BOSTON-Retirement isn't always Adirondack chairs and seaside views, even for employees who do participate in company-sponsored defined contribution plans. Not even auto enrollment at 6% with a full company match can solve the retirement crisis.
Getting workers to better prepare is going to take education and a dose of reality not only for plan participants, but also for plan sponsors, according to panelists at Insight Forums' "Financial' Communications Forum" here last week.
"What we have been doing as an industry has not worked," said Wendy Wong, vice president of marketing for New York Life Investment Management in New York. "There is still a need for communication."
So far, much of the communication directed at defined contribution plan participants is filled with rosy-hued images of silver-haired couples riding bicycles down a path, or sitting on a porch watching waves crash against the shore.
The problem is that retirement isn't always so rosy, said Warren Cormier, founder and president of the Boston Research Group of Hopkington, Mass. And images that portray it as such are, in part, responsible for breeding the inertia plan providers have spent years toiling to reverse.

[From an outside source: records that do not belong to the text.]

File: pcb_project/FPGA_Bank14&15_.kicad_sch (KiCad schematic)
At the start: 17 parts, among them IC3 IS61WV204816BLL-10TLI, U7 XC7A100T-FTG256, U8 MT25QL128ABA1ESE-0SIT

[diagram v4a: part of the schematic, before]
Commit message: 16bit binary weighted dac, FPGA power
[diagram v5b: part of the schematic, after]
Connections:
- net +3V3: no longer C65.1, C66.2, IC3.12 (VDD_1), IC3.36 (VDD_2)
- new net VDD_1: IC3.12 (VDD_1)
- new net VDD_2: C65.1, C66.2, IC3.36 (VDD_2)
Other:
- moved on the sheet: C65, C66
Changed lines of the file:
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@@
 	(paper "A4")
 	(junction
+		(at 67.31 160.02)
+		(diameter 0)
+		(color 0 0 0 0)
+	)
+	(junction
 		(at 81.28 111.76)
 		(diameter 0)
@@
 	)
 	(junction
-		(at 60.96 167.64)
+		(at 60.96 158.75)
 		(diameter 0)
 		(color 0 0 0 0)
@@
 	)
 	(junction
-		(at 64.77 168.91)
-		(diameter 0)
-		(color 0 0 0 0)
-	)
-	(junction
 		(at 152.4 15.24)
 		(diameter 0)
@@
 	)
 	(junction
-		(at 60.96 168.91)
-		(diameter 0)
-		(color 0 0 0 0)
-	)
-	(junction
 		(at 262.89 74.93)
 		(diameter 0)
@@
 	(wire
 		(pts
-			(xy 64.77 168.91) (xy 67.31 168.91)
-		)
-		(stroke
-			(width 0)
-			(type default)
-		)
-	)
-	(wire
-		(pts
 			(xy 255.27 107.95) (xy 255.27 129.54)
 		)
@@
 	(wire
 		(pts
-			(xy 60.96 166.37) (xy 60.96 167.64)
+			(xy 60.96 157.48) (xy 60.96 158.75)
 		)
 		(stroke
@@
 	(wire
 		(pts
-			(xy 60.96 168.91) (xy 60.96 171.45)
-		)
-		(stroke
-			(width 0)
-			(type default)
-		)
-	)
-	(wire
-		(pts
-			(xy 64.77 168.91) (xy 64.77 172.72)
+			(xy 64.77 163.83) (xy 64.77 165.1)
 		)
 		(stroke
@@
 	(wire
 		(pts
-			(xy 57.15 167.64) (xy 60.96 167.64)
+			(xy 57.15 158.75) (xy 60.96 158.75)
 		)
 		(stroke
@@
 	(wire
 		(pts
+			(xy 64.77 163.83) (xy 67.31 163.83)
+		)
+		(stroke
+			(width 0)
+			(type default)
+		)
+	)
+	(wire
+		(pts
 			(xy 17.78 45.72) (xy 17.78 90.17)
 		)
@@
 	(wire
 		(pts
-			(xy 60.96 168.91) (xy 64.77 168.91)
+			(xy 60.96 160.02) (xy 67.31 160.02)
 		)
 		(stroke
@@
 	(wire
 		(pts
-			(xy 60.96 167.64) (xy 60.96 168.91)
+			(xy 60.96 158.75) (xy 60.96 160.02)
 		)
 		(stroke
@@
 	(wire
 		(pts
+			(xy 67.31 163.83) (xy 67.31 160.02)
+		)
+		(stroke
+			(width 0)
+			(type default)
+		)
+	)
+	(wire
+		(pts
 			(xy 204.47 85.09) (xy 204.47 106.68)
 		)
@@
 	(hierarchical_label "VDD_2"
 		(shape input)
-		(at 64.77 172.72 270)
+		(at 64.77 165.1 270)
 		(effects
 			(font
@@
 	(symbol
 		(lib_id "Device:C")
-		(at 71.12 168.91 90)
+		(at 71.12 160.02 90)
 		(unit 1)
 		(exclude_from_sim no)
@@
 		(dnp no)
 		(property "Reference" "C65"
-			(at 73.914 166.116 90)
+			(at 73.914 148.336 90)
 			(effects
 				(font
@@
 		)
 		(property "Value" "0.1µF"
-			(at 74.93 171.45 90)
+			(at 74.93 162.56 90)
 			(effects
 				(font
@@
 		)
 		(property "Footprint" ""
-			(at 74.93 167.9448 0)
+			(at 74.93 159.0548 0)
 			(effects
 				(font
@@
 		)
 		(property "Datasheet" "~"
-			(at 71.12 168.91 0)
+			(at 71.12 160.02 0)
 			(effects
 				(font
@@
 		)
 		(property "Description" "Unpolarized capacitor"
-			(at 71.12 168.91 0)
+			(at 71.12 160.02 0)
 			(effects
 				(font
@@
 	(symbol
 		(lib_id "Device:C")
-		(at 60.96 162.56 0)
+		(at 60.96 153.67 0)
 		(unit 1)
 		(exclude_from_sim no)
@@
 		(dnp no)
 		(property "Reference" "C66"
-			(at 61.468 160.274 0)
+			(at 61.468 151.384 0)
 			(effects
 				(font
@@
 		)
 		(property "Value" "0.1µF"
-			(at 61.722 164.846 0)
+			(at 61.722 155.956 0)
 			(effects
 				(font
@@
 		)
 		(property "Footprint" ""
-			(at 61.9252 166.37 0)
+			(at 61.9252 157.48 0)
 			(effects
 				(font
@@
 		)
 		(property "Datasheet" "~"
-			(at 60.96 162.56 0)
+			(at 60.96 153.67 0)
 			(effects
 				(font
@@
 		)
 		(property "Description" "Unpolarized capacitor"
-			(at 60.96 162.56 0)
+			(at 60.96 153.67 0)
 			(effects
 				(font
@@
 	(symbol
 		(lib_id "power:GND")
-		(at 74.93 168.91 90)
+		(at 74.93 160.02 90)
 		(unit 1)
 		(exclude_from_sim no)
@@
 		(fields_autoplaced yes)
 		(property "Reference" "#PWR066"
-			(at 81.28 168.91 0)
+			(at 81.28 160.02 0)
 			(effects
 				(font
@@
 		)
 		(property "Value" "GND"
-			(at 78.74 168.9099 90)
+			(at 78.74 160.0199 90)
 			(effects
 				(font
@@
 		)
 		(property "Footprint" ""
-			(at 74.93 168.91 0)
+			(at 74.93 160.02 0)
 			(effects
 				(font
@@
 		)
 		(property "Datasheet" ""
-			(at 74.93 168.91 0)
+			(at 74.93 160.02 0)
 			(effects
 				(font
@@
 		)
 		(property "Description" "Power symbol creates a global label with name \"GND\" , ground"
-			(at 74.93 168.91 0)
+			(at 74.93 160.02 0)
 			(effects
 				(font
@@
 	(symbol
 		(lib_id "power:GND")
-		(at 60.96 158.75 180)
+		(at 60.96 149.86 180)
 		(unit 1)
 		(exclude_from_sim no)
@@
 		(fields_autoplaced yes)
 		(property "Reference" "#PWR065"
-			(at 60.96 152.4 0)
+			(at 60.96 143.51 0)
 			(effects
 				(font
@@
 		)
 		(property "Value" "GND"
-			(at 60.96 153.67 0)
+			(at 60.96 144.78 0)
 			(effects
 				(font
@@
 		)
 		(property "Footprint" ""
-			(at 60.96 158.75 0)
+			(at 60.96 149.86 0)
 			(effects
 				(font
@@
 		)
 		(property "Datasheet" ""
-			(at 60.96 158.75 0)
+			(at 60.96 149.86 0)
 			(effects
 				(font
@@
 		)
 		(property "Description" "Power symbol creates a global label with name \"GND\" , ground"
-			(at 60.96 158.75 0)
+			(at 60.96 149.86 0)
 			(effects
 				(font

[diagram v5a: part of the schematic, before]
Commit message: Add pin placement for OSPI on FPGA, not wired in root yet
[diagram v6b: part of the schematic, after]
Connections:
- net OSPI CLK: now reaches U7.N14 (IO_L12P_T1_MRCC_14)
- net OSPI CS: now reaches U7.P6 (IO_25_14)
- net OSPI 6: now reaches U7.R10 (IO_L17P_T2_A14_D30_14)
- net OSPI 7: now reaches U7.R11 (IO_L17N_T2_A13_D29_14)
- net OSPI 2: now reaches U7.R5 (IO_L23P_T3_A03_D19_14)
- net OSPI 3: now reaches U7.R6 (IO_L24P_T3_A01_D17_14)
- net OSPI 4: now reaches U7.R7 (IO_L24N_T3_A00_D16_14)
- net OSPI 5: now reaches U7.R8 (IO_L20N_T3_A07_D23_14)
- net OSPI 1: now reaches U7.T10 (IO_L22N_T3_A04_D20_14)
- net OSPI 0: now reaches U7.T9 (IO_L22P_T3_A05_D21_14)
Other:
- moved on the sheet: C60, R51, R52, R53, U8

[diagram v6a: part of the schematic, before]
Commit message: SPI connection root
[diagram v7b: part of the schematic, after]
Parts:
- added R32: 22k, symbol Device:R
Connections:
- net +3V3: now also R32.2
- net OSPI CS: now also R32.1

"There is the issue with scaring people, but there is an issue, too, with thinking that by putting in 6%, you will get the house with the Adirondack chairs," Cormier told the 200 attendees gathered at the Harvard Club. "They don't have any perception of the downside."
Facing The Dark Side'
Getting investors to see what Cormier calls "the dark side" of retirement requires more realistic communication, he said. Such education may be the best hope to change the behavior of participants who, historically, have resisted any change at all. Right now, 87% of all plan participants never change the allocation or contribution rates set at enrollment. Moreover, today's enrollment rates, on average 80%, have remained virtually constant since 1987, he noted.
Only when investors are confronted with the impact of their decisions will they take action, he said. Creating such communication pieces means drawing on data providers have about participants' demographics.
"Education needs to apply to their behavior," he said, citing behavioral research that used images of luxurious condominiums juxtaposed with curbside cardboard boxes to show participants what the difference between putting away, say 1%, and ratcheting that up to, say 15%, could mean over time.
Calls to action don't always need to be quite that dramatic. Sometimes just making that action easy works well enough. New York Life, for example, undertook a direct mail campaign targeting all plan participants of a particular company who were either not participating, or not contributing enough to take advantage of their company match. Besides the literature educating participants that they were missing out on "free money," the mailing included a post card.
In this case, the employees, who were relatively low-wage, were directed to either drop the signed post card in the mail, go online or make a call to increase their contribution.
Participation jumped from 24% to 34%, with 47% of the respondents mailing back the card, and another 50% going online.
New York Life tried the same tactic again, this time at the request of a professional services company with more tech-savvy employees. Again, 30% of participants took action, but this time 75% of those who did, did so using the Internet.
The influx of new investments more than made up for New York Life's $2 per mailing cost, but, Wong noted, had the provider done more research about the sponsor, its return on investment could have been even greater.
"Working with the sponsors is critical," said Carol Waddell, vice president and marketing director, retirement plan services, at Baltimore-based T. Rowe Price. Sponsors, she said, suffer from the same type of inertia that plagues participants, and they, too, need tough-love teaching.
A Closer Look
A sponsor with 85% or 90% participation may lead company executives to believe that their workers are far ahead of the benchmark and on their way to retirement. But if plan providers demonstrate to plan sponsors, in dollars, how much each employee has, and then shows how much more they might if they were in a target-date fund default investment, instead of the oft-elected money-market default; if they were to work three years longer; or if they were to defer a few percentage points more, the reality would be much clearer, she said.
As much as sponsors may worry what their employees are saving, they are equally concerned about what it will cost them, not only in administration fees, but in deferrals and added employee-education efforts. Plan providers must be able to provide such analysis, Wong said.
If that's not enough, sponsors should be reminded that they are, after all, fiduciaries, Cormier added.
He cited sponsors of multi-million dollar plans that cannot point to their plan's investment philosophy, that have not communicated with their ERISA attorney in years, and who accept their plan provider's annual assurance that everything is on track, that funds are performing well, and that the fees being charged to employees as enough to satisfy their own due-diligence obligations.
A recent spate of lawsuits being filed against both providers and sponsors, a movement spearheaded by Jerome J. Schlichter, a personal liability attorney and a managing partner with Schlichter, Bogard and Denton of St. Louis, will likely give sponsors just the shove they need to pay closer attention, he said.
As automatic features become more popular and sponsors become more comfortable with them, products, education and communication techniques will evolve, panelists agreed, perhaps leading to truly auto-pilot retirement savings. But that time has not yet come, and successful plan providers will be those who use the data and knowledge they have to develop continued education and communication that is resonant, relevant and easy to act on-targeting not only participants, but their sponsors. "It's an ongoing process," Wong said.